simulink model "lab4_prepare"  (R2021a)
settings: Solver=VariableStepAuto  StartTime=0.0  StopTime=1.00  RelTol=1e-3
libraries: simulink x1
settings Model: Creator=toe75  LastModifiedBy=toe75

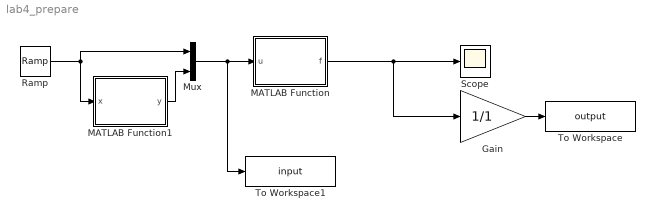
== system lab4_prepare ==
  Gain : Gain  Gain=1/1
  MATLAB Function : MATLAB Function  TreatAsAtomicUnit=on
  MATLAB Function1 : MATLAB Function  TreatAsAtomicUnit=on
  Mux : Mux  Inputs=2
  Ramp : simulink/Sources/Ramp  slope=1  start=0  InitialOutput=0
  Scope : Scope
  To Workspace : ToWorkspace  VariableName=output  SampleTime=-1
  To Workspace1 : ToWorkspace  VariableName=input  SampleTime=-1
  wires:
  Ramp/1 -> MATLAB Function1/1(x), Mux/1
  Mux/1 -> To Workspace1/1, MATLAB Function/1(u)
  MATLAB Function/1(f) -> Scope/1, Gain/1
  Gain/1 -> To Workspace/1
  MATLAB Function1/1(y) -> Mux/2

== matlab function lab4_prepare/MATLAB Function ==
  data: u input; f output
function f = fcn(u)
f = u(1,:)*sin(u(2,:));

== matlab function lab4_prepare/MATLAB Function1 ==
  data: x input; y output
function y = fcn(x)
y = sin(abs(x))+ cos(abs(x));
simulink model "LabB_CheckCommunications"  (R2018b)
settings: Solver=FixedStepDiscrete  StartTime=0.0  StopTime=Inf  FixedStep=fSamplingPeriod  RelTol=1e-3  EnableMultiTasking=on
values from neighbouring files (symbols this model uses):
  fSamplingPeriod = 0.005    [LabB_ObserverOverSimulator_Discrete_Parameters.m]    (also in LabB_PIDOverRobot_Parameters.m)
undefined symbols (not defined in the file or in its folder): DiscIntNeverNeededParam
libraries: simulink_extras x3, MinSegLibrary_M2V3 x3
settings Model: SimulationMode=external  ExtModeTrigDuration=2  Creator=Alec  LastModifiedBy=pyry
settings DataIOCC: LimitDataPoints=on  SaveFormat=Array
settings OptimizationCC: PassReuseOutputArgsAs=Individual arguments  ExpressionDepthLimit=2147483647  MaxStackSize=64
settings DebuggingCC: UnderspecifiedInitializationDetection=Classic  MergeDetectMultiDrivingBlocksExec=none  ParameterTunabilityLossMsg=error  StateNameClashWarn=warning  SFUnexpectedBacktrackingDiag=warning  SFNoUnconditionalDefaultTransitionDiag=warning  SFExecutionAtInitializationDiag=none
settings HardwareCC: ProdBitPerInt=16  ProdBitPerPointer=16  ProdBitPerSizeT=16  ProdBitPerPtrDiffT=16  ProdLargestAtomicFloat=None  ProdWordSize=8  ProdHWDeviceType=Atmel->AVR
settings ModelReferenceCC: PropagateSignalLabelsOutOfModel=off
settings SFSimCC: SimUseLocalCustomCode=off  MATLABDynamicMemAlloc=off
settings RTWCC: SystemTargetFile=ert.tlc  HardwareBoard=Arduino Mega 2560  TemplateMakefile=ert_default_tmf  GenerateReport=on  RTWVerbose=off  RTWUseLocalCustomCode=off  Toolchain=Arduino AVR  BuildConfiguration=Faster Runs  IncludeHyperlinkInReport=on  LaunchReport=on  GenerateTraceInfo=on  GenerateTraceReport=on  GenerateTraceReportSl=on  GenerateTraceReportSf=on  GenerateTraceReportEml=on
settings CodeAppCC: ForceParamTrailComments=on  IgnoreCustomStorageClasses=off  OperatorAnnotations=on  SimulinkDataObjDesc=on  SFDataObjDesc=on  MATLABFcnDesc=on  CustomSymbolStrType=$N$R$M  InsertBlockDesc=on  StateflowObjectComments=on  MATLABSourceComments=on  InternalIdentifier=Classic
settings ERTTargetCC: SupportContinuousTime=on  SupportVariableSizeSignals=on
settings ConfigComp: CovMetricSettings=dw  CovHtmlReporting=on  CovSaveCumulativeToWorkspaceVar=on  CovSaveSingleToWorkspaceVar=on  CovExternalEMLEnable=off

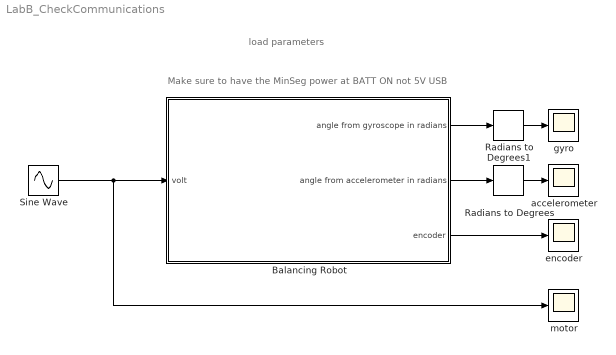
== system LabB_CheckCommunications ==
  note: Make sure to have the MinSeg power at BATT ON not 5V USB
  note: load parameters
  Balancing Robot : Subsystem
  Radians to Degrees : simulink_extras/Transformations/Radians to Degrees
  Radians to Degrees1 : simulink_extras/Transformations/Radians to Degrees
  Sine Wave : Sin  Amplitude=2  Frequency=pi/3  SampleTime=fSamplingPeriod
  accelerometer : Scope
  encoder : Scope
  gyro : Scope
  motor : Scope
  wires:
  Balancing Robot/1(angle from gyroscope in radians) -> Radians to Degrees1/1
  Balancing Robot/2(angle from accelerometer in radians) -> Radians to Degrees/1
  Balancing Robot/3(encoder) -> encoder/1
  Radians to Degrees1/1 -> gyro/1
  Radians to Degrees/1 -> accelerometer/1
  Sine Wave/1 -> motor/1, Balancing Robot/1(volt)

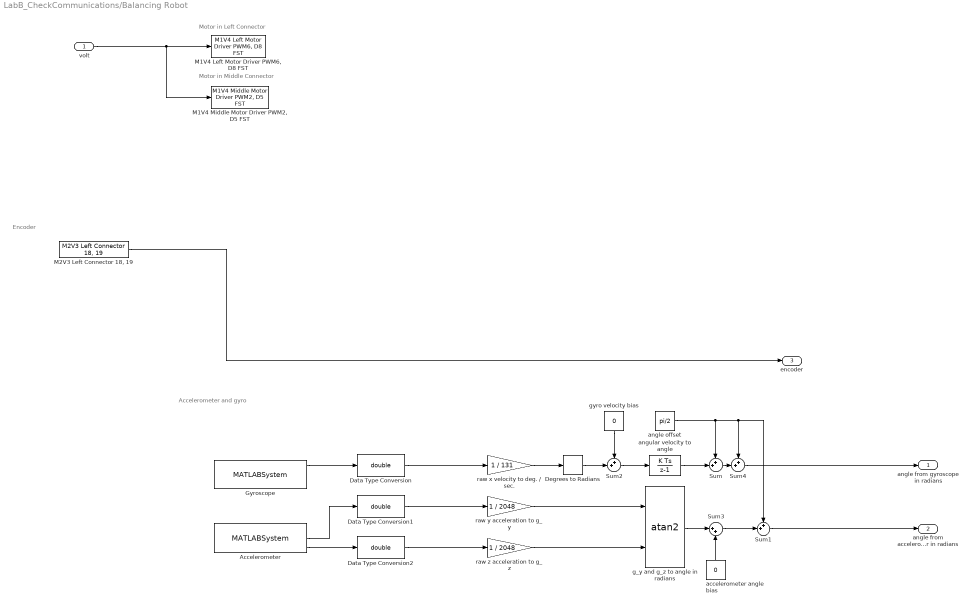
== system LabB_CheckCommunications/Balancing Robot ==
  note: Encoder
  note: Accelerometer and gyro
  note: Motor in Left Connector
  note: Motor in Middle Connector
  volt : Inport
  Accelerometer : MATLABSystem  System=soMPU6050Accel  SimulateUsing=Code generation
      mask Type: soMPU6050Accel
      mask Display:
      | disp('soMPU6050Accel');
      | port_label('output',1,'xaccel');
      | port_label('output',2,'yaccel');
      | port_label('output',3,'zaccel');
  Data Type Conversion : DataTypeConversion  OutDataTypeStr=double
  Data Type Conversion1 : DataTypeConversion  OutDataTypeStr=double
  Data Type Conversion2 : DataTypeConversion  OutDataTypeStr=double
  Degrees to Radians : simulink_extras/Transformations/Degrees to Radians
  Gyroscope : MATLABSystem  System=soMPU6050Gyro  DLPFmode=0
      mask Type: soMPU6050Gyro
      mask Display:
      | disp('soMPU6050Gyro');
      | port_label('output',1,'xvel');
      | port_label('output',2,'yvel');
      | port_label('output',3,'zvel');
  "M1V4 Left Motor Driver PWM6, D8 FST" : MinSegLibrary_M2V3/M1V4 Left Motor Driver PWM6, D8 FST  Vsupply=7.2
      settings: SourceProductName=Rensselaer Arduino Support Package
  "M1V4 Middle Motor Driver PWM2, D5 FST" : MinSegLibrary_M2V3/M1V4 Middle Motor Driver PWM2, D5 FST  Vsupply=7.2
      settings: SourceProductName=Rensselaer Arduino Support Package
  "M2V3 Left Connector 18, 19" : MinSegLibrary_M2V3/M2V3 Left Connector 18, 19  Encoder=1  PinA=19  PinB=18
      settings: SourceProductName=Rensselaer Arduino Support Package
  Sum{,1..2,4} (4 alike) : Sum  Inputs=++|
  Sum3 : Sum  Inputs=|++
  accelerometer angle bias : Constant  Value=0
  angle offset : Constant  Value=pi/2
  angular velocity to angle : DiscreteIntegrator  SampleTime=-1  ICPrevOutput=DiscIntNeverNeededParam  ICPrevScaledInput=DiscIntNeverNeededParam
  g_y and g_z to angle in radians : Trigonometry  Operator=atan2
  gyro velocity bias : Constant  Value=0
  raw x velocity to deg. / sec. : Gain  Gain=1 / 131
  raw y acceleration to g_y : Gain  Gain=1 / 2048
  raw z acceleration to g_z : Gain  Gain=1 / 2048
  angle from gyroscope in radians : Outport
  angle from accelerometer in radians : Outport  Port=2
  encoder : Outport  Port=3
  wires:
  Gyroscope/1 -> Data Type Conversion/1
  Accelerometer/2 -> Data Type Conversion1/1
  raw z acceleration to g_z/1 -> g_y and g_z to angle in radians/2
  raw y acceleration to g_y/1 -> g_y and g_z to angle in radians/1
  angle offset/1 -> Sum4/1, Sum1/1, Sum/1
  raw x velocity to deg. / sec./1 -> Degrees to Radians/1
  Sum/1 -> Sum4/2
  Data Type Conversion2/1 -> raw z acceleration to g_z/1
  Data Type Conversion1/1 -> raw y acceleration to g_y/1
  Data Type Conversion/1 -> raw x velocity to deg. / sec./1
  Accelerometer/3 -> Data Type Conversion2/1
  "M2V3 Left Connector 18, 19"/1 -> encoder/1
  Sum1/1 -> angle from accelerometer in radians/1
  angular velocity to angle/1 -> Sum/2
  Degrees to Radians/1 -> Sum2/2
  gyro velocity bias/1 -> Sum2/1
  Sum2/1 -> angular velocity to angle/1
  g_y and g_z to angle in radians/1 -> Sum3/1
  Sum3/1 -> Sum1/2
  accelerometer angle bias/1 -> Sum3/2
  Sum4/1 -> angle from gyroscope in radians/1
  volt/1 -> "M1V4 Middle Motor Driver PWM2, D5 FST"/1, "M1V4 Left Motor Driver PWM6, D8 FST"/1
◇ ◇ ◇
_Exercise:_
Starting with the line above that holds "Radians to Degrees1 : simulink_extras/Transformations/Radians" and stopping with the line that holds "Balancing Robot/1(angle from", reproduce each line exactly, omitting all other lines.

_Task output:_
  Radians to Degrees1 : simulink_extras/Transformations/Radians to Degrees
  Sine Wave : Sin  Amplitude=2  Frequency=pi/3  SampleTime=fSamplingPeriod
  accelerometer : Scope
  encoder : Scope
  gyro : Scope
  motor : Scope
  wires:
  Balancing Robot/1(angle from gyroscope in radians) -> Radians to Degrees1/1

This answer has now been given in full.